Pictures look great, Waldo but I would rather have a piece of the pie. Boy do that look good, now I am going to have to make a pie tomorrow.


----------



## Julie (Jul 4, 2010)

Happy 4th everyone, we didn't do anyting special. We had grilled chicken with angel hair pasta with tucson house dressing, tomotos and onions. Accompanied that with a bottle of Riesling.


Our daughter was in Flordia until 6 this evening and our son was at his in-laws. We have two other sons, one lives in SC and the other lives in South Korea, neither on of them could make it home. We are planing on have a picnic tomorrow with the two that are here.


----------



## Bartman (Jul 5, 2010)

We had family to our house for sliders (mini-hamburgers) (some with feta cheese packed in them, some plain), habanero sausage, and hot dogs for the kids.

My mom made her traditional "flag cake" - white frosting with strawberries for stripes and blueberries for "stars".
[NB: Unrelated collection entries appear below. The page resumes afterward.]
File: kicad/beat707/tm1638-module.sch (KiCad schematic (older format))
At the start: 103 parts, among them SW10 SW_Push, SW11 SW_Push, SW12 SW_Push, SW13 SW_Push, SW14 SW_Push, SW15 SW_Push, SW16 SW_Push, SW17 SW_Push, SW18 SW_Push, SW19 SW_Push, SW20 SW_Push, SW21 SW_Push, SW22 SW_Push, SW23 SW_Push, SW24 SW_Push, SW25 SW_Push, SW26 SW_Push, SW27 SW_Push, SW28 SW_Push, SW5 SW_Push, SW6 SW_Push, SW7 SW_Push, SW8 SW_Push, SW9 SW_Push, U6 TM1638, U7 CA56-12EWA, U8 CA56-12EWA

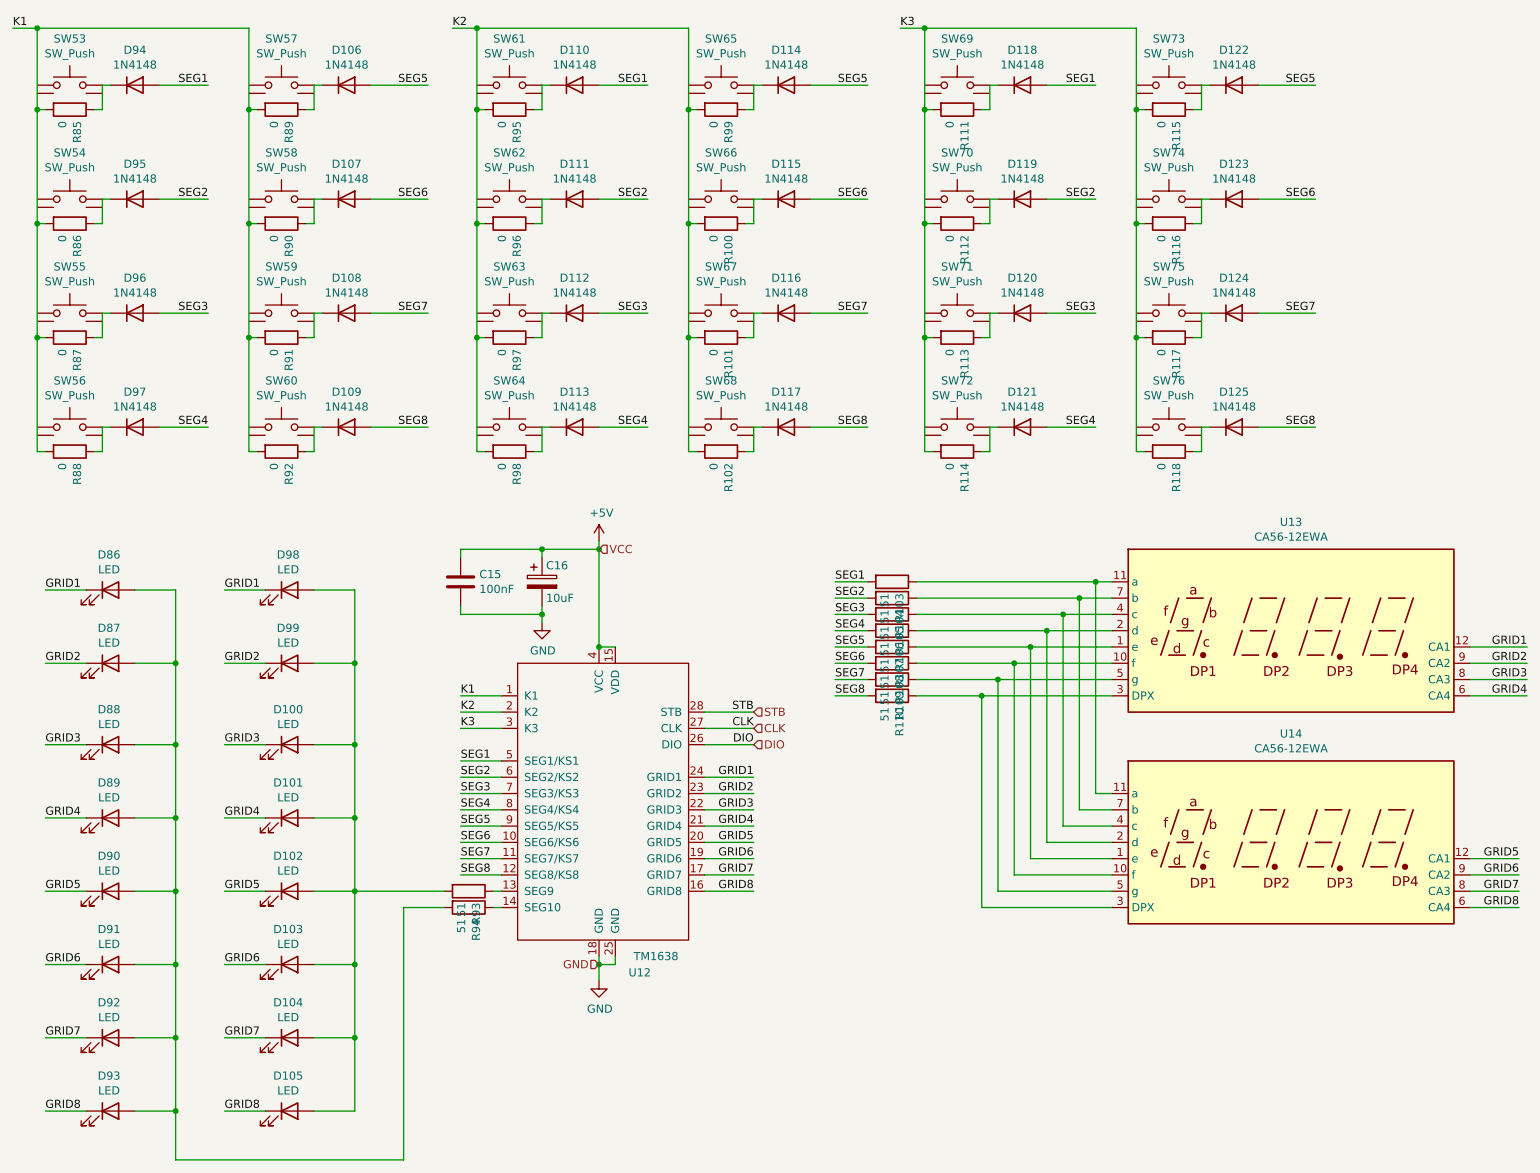
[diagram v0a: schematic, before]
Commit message: brain board added, bufixes and final board synchronized with schematic
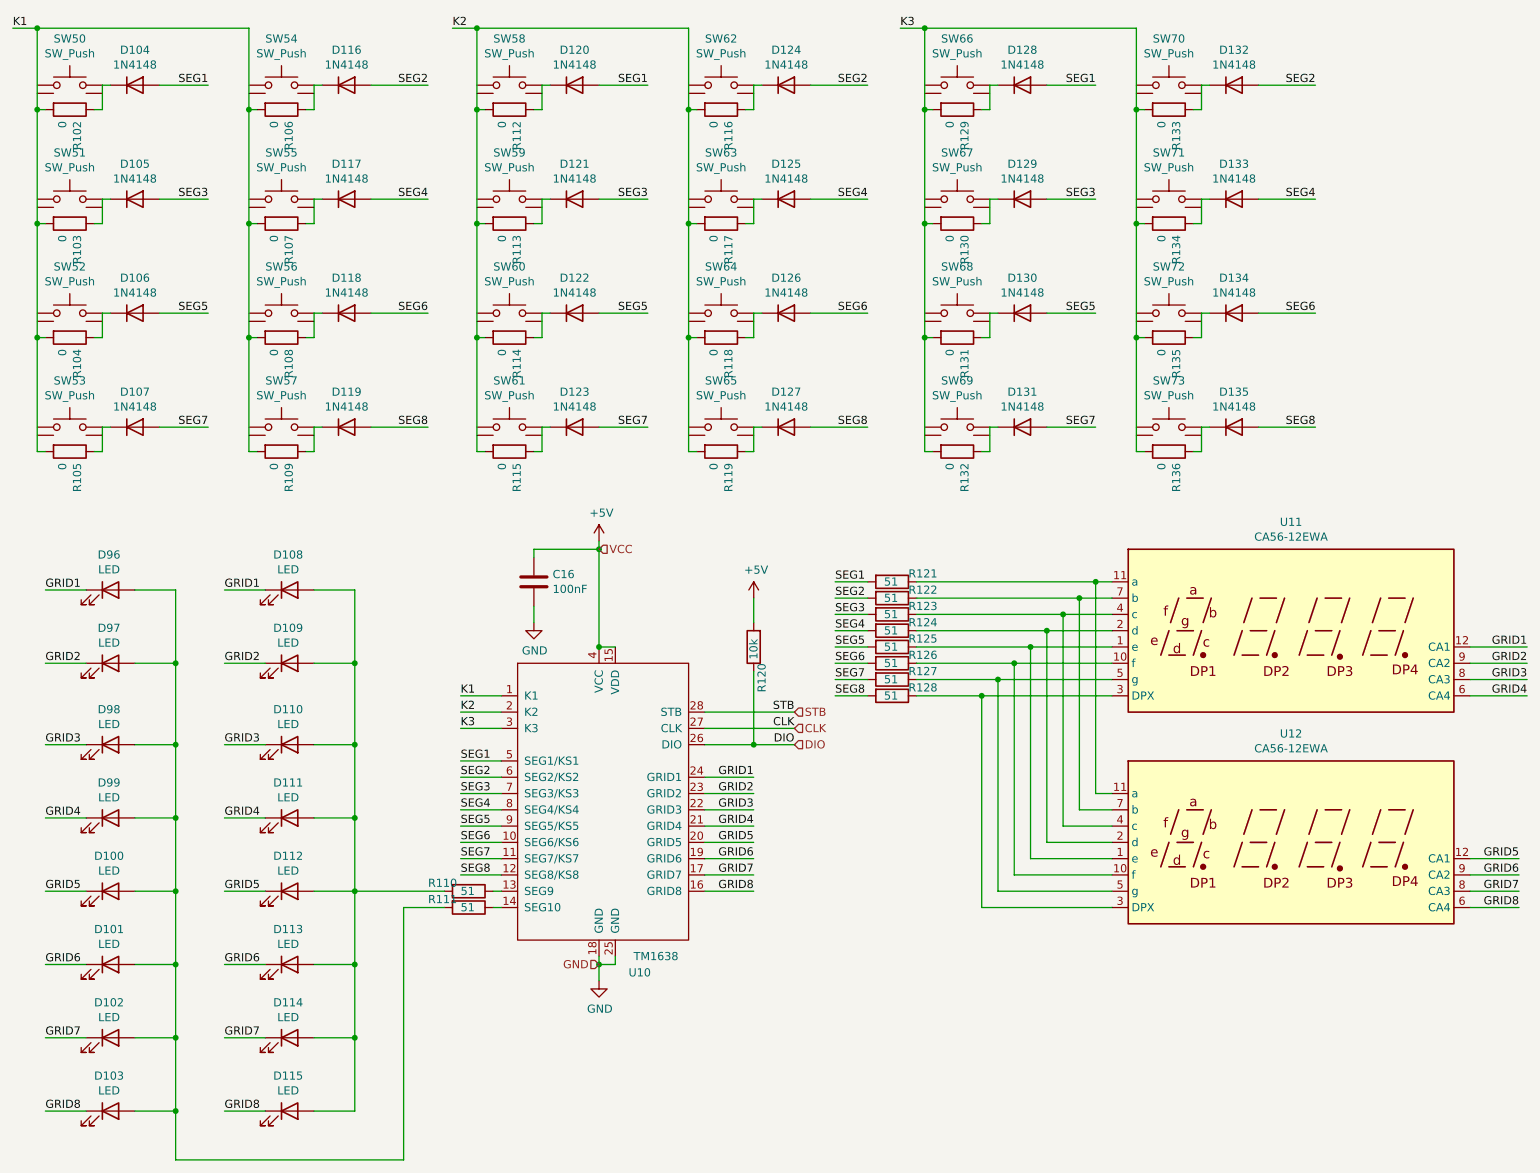
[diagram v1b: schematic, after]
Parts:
- removed C12: 10uF, Capacitor_THT:CP_Radial_D6.3mm_P2.50mm, symbol Device:CP
- added R85: 10k, Resistor_THT:R_Axial_DIN0207_L6.3mm_D2.5mm_P10.16mm_Horizontal, symbol Device:R
- R100: renamed from R83; footprint Resistor_THT:R_Axial_DIN0207_L6.3mm_D2.5mm_P7.62mm_Horizontal -> Resistor_THT:R_Axial_DIN0207_L6.3mm_D2.5mm_P10.16mm_Horizontal
- R101: renamed from R84; footprint Resistor_THT:R_Axial_DIN0207_L6.3mm_D2.5mm_P7.62mm_Horizontal -> Resistor_THT:R_Axial_DIN0207_L6.3mm_D2.5mm_P10.16mm_Horizontal
- R67: renamed from R51; footprint Resistor_THT:R_Axial_DIN0207_L6.3mm_D2.5mm_P7.62mm_Horizontal -> Resistor_THT:R_Axial_DIN0207_L6.3mm_D2.5mm_P10.16mm_Horizontal
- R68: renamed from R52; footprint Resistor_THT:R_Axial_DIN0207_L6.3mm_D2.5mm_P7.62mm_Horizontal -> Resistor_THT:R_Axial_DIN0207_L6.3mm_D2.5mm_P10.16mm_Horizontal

Then we opened a variety of my wines - 2008 AJ Nero d'Avola, Green Apple Reisling, VN Baroque Rouge, a young Cru Select Brunello

If we had the energy and capacity to have any thing else after running around with the sparklers in the backyard (it was still very warm and sticky at 9:30 pm), we would have gotten into some Porto Corinto. It was an exhausitng day/evening, but lots of fun!


----------